## Instructions to follow
Look through the records below and collect all lines that hold the string "CIRCLE".

Saved data entries:
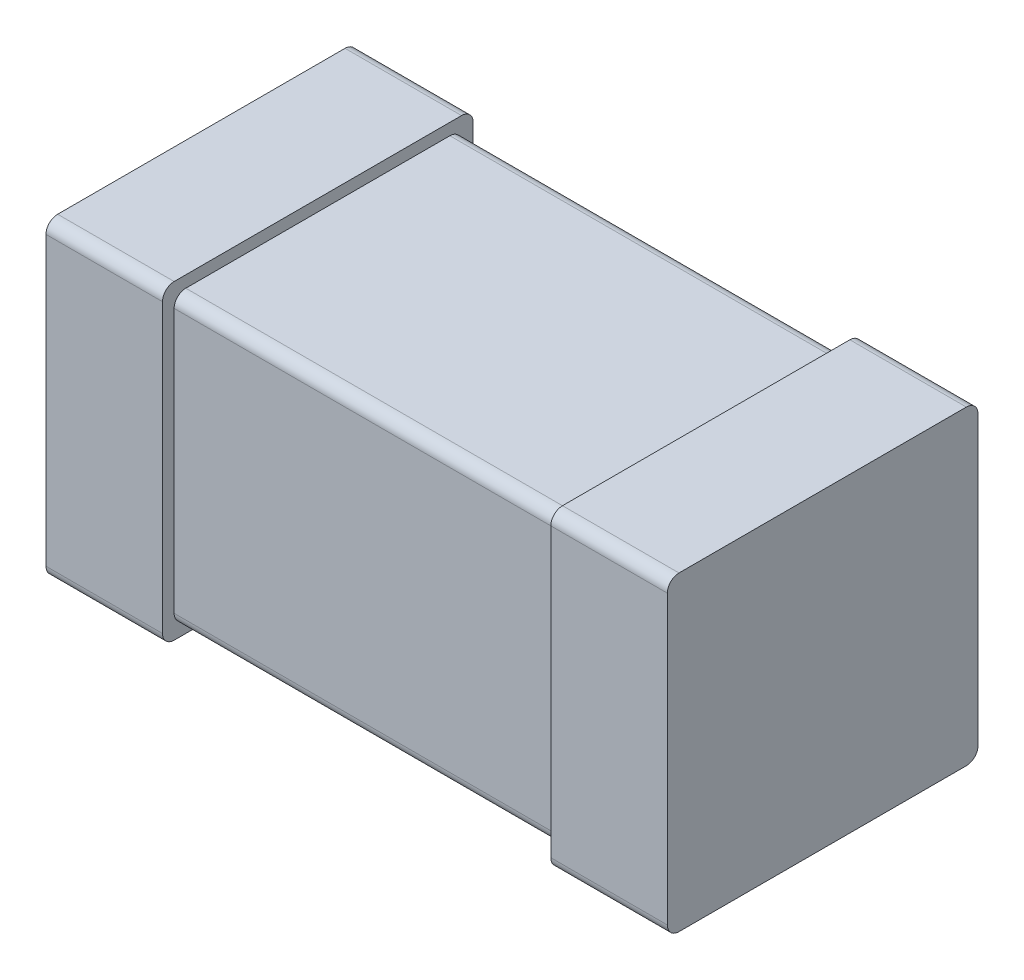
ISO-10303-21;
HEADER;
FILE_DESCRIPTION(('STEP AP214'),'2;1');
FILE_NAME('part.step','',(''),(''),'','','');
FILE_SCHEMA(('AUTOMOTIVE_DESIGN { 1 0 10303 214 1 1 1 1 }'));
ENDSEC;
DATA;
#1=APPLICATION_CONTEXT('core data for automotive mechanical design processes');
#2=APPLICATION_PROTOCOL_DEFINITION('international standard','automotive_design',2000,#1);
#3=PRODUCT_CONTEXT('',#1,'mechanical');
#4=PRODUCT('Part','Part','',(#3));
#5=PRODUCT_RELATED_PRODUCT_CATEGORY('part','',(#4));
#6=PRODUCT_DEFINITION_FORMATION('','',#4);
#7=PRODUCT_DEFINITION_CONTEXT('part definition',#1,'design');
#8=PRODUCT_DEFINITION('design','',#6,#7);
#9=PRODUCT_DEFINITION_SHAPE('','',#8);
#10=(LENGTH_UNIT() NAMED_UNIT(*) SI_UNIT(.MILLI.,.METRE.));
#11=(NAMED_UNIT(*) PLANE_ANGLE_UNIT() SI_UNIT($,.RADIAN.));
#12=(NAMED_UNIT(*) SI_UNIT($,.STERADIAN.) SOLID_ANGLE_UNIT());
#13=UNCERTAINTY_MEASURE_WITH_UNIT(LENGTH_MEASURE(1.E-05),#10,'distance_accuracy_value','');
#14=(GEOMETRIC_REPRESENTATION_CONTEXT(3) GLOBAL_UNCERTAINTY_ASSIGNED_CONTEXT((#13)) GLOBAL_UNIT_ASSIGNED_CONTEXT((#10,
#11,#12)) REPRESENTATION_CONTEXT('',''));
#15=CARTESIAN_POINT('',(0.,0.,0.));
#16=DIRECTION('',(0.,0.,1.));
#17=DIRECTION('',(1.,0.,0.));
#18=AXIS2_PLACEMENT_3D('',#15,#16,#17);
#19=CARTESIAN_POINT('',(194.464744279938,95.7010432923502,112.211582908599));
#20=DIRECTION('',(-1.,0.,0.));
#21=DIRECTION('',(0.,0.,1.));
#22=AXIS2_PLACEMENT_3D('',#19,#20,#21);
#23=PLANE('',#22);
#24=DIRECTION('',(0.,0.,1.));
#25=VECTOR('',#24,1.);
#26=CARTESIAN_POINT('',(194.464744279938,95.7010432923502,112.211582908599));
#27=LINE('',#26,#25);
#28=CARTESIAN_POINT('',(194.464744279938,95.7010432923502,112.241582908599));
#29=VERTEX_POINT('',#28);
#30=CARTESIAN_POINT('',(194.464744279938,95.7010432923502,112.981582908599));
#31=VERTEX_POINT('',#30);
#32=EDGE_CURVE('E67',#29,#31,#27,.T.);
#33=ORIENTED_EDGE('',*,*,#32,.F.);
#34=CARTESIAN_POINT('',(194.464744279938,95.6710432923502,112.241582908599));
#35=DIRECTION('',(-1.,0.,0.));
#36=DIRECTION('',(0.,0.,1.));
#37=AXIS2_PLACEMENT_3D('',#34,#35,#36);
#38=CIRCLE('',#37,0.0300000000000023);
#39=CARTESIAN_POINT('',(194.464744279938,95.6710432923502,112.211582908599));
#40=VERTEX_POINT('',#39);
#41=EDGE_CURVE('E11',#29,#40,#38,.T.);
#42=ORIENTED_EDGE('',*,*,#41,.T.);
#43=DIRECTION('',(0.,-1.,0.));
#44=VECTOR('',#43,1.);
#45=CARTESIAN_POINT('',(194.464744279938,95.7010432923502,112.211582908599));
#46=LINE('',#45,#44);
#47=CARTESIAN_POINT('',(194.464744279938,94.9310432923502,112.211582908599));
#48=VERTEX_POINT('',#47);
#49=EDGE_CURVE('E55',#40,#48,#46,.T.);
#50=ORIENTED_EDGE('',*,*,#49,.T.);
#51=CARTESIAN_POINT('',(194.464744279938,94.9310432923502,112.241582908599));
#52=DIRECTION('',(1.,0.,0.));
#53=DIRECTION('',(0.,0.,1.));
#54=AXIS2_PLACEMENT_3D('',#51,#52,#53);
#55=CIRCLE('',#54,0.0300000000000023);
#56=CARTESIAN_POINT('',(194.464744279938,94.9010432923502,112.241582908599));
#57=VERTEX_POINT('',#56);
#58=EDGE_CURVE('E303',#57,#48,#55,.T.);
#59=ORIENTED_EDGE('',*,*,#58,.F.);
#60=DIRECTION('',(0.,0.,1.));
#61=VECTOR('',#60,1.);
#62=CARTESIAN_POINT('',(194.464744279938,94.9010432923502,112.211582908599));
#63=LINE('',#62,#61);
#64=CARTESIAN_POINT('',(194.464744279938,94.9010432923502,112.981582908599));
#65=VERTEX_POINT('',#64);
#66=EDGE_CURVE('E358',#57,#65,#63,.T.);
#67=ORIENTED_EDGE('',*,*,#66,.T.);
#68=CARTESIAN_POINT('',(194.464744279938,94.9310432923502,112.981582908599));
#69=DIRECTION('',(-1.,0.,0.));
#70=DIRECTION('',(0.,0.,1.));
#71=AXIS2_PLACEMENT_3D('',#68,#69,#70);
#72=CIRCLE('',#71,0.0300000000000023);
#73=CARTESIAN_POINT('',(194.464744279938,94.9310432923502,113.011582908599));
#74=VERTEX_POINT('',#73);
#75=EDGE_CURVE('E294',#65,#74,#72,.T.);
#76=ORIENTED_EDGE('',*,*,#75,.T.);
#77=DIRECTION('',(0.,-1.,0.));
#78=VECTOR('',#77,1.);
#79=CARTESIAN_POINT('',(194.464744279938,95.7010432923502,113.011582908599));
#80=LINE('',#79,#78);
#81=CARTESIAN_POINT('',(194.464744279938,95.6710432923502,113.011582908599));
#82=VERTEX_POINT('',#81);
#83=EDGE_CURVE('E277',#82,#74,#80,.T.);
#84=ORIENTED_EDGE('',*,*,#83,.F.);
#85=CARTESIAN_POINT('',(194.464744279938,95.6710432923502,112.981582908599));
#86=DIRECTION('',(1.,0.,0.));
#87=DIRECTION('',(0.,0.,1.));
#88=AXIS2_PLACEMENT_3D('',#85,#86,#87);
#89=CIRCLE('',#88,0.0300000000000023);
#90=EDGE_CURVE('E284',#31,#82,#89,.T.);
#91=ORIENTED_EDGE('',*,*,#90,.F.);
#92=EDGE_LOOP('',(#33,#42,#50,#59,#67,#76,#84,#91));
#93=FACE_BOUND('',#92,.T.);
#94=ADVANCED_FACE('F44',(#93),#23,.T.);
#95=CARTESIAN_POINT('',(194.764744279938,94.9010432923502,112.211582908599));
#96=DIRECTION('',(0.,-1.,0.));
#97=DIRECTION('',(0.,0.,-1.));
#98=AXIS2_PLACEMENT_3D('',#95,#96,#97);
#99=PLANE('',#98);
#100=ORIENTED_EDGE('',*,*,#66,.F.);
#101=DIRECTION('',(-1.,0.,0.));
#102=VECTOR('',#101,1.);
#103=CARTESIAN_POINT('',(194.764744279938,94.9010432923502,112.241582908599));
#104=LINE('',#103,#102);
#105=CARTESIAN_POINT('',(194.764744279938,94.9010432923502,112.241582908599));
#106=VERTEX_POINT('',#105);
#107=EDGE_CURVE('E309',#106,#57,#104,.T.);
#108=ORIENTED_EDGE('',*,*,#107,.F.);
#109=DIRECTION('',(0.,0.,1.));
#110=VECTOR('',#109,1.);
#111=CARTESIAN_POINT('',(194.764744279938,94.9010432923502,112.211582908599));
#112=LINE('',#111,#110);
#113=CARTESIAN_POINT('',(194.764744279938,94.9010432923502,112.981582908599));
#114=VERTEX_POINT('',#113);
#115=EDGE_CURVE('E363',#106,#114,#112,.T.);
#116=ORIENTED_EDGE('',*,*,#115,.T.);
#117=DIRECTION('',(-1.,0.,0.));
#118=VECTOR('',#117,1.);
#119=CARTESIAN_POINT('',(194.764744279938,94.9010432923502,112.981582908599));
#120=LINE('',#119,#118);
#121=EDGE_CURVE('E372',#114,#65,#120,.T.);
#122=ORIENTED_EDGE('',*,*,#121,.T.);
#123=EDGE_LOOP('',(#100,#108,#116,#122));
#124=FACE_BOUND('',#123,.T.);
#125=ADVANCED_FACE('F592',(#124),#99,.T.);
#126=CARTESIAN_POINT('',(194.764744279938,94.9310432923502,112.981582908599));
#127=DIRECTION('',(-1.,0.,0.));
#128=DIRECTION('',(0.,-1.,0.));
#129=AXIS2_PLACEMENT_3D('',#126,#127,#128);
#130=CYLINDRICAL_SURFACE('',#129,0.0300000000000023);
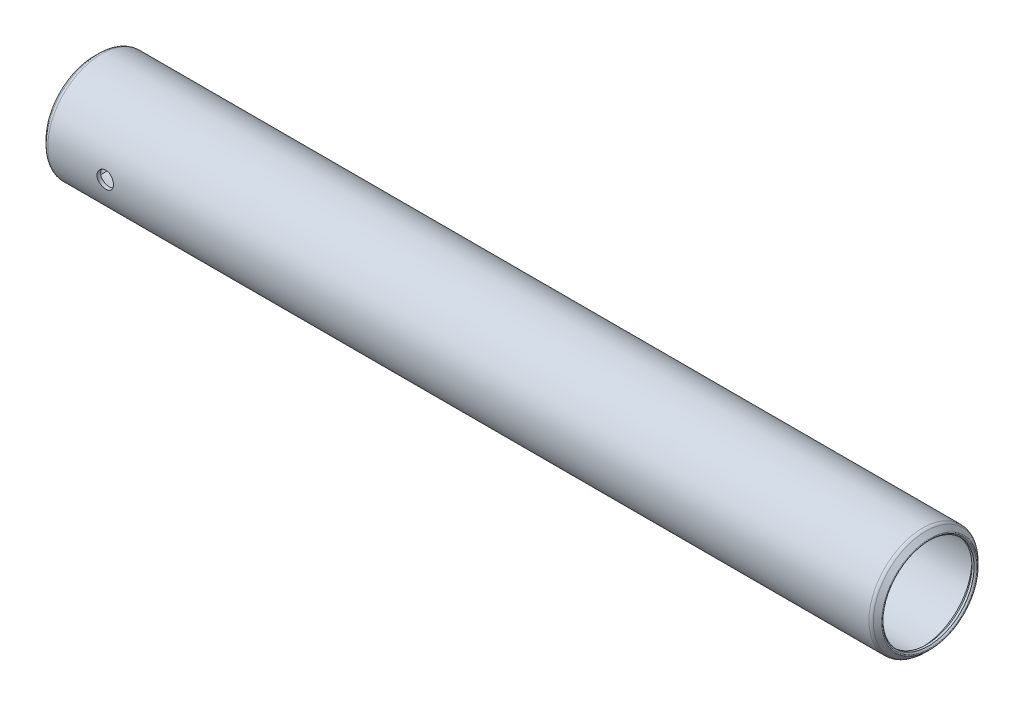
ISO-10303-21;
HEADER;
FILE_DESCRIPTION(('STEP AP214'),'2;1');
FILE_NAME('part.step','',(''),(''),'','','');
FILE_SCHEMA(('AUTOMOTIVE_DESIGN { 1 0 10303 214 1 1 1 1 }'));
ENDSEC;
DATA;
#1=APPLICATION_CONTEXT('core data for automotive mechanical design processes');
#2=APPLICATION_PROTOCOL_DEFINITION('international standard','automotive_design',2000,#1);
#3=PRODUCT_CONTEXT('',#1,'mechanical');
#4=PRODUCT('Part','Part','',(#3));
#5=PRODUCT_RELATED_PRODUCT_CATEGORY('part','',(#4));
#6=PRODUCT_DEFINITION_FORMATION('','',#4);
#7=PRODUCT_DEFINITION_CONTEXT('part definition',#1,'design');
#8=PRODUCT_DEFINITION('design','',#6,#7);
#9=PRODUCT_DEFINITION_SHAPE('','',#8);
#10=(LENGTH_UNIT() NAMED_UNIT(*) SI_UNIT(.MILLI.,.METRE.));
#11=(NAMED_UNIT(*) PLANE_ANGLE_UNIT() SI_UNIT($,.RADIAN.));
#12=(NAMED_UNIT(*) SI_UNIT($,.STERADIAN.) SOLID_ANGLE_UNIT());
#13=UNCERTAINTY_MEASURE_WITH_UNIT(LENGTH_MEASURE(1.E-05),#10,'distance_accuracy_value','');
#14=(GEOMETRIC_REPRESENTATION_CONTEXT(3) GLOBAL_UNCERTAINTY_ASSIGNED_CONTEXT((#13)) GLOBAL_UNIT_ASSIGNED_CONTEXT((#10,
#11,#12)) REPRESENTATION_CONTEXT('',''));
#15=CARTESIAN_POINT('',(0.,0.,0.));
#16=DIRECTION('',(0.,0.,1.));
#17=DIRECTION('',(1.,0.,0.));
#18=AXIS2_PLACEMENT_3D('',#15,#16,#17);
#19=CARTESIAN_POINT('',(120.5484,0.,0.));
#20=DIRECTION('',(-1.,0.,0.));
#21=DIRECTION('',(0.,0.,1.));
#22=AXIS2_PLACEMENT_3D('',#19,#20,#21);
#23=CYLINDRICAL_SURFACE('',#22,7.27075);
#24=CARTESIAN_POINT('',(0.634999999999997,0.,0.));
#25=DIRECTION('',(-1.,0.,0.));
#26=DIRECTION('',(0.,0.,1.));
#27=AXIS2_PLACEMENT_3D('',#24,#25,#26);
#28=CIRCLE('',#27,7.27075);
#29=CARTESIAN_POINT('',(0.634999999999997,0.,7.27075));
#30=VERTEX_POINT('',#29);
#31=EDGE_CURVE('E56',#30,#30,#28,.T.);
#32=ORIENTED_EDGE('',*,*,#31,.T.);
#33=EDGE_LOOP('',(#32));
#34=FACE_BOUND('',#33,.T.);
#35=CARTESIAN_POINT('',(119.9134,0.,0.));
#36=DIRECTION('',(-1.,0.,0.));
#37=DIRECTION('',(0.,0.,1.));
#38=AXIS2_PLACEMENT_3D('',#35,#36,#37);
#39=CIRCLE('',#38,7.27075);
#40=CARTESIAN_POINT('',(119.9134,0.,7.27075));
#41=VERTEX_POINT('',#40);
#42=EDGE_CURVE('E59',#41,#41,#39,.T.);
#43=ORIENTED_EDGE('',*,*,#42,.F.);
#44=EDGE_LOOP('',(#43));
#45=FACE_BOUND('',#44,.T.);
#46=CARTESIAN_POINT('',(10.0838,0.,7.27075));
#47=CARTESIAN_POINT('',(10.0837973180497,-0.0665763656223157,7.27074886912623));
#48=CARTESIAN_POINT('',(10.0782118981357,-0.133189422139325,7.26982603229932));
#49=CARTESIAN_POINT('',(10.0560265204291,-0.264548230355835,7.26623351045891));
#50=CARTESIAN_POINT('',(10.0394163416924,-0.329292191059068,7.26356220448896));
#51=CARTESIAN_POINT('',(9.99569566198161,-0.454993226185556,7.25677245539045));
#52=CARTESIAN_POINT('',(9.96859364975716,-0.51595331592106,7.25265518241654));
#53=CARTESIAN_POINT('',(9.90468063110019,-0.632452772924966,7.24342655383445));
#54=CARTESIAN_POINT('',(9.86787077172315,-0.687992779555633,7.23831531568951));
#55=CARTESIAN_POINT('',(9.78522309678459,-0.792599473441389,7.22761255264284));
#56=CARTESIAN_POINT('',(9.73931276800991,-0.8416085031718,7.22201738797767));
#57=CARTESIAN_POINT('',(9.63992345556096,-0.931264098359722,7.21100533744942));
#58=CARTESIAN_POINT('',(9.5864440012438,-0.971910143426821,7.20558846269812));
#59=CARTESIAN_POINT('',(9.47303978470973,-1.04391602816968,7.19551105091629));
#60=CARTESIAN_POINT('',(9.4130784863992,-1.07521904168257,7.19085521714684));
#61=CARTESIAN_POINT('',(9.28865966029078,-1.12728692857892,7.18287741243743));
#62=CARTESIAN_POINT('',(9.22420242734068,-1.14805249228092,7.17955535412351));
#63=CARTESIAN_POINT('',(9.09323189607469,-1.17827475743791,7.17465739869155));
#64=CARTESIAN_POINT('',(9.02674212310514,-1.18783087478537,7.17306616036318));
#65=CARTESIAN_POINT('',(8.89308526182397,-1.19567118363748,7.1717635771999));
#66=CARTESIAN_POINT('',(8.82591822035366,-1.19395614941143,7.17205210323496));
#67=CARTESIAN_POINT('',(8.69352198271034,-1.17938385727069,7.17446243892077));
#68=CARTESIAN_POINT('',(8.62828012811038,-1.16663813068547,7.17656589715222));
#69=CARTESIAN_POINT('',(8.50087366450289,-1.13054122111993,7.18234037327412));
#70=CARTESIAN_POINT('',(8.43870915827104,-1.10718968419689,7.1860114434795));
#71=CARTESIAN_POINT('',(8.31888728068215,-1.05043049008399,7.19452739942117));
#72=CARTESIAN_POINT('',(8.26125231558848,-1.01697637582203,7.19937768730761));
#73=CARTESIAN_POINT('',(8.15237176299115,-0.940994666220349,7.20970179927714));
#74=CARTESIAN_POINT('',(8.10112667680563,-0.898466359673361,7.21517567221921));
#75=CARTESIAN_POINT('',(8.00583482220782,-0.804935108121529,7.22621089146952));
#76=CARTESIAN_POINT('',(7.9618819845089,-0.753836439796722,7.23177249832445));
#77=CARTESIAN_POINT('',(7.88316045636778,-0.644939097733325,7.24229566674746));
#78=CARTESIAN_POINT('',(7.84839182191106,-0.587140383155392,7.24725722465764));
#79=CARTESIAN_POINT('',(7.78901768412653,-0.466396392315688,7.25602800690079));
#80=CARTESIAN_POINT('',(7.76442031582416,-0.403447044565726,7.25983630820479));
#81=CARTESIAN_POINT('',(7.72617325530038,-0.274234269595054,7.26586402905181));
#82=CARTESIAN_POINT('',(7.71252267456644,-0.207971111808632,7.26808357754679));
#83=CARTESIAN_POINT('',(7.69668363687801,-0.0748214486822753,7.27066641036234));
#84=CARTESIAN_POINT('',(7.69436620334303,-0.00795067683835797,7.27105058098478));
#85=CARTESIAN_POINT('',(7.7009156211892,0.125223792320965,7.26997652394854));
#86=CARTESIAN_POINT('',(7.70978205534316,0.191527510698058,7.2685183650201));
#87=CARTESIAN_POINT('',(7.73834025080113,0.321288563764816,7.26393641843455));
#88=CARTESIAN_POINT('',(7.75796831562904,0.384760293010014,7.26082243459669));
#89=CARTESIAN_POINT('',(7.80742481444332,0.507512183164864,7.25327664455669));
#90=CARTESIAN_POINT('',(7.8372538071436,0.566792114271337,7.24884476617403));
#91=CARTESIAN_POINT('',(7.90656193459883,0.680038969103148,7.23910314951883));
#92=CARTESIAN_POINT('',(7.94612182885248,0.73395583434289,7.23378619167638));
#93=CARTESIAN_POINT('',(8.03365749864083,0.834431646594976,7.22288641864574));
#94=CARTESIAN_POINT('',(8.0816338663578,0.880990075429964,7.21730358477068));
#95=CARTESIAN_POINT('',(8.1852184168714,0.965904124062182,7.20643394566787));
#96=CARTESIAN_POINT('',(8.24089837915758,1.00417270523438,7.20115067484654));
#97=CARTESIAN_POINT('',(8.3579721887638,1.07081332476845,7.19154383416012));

## Answer to this task
#38=CIRCLE('',#37,0.0300000000000023);
#55=CIRCLE('',#54,0.0300000000000023);
#72=CIRCLE('',#71,0.0300000000000023);
#89=CIRCLE('',#88,0.0300000000000023);
#28=CIRCLE('',#27,7.27075);
#39=CIRCLE('',#38,7.27075);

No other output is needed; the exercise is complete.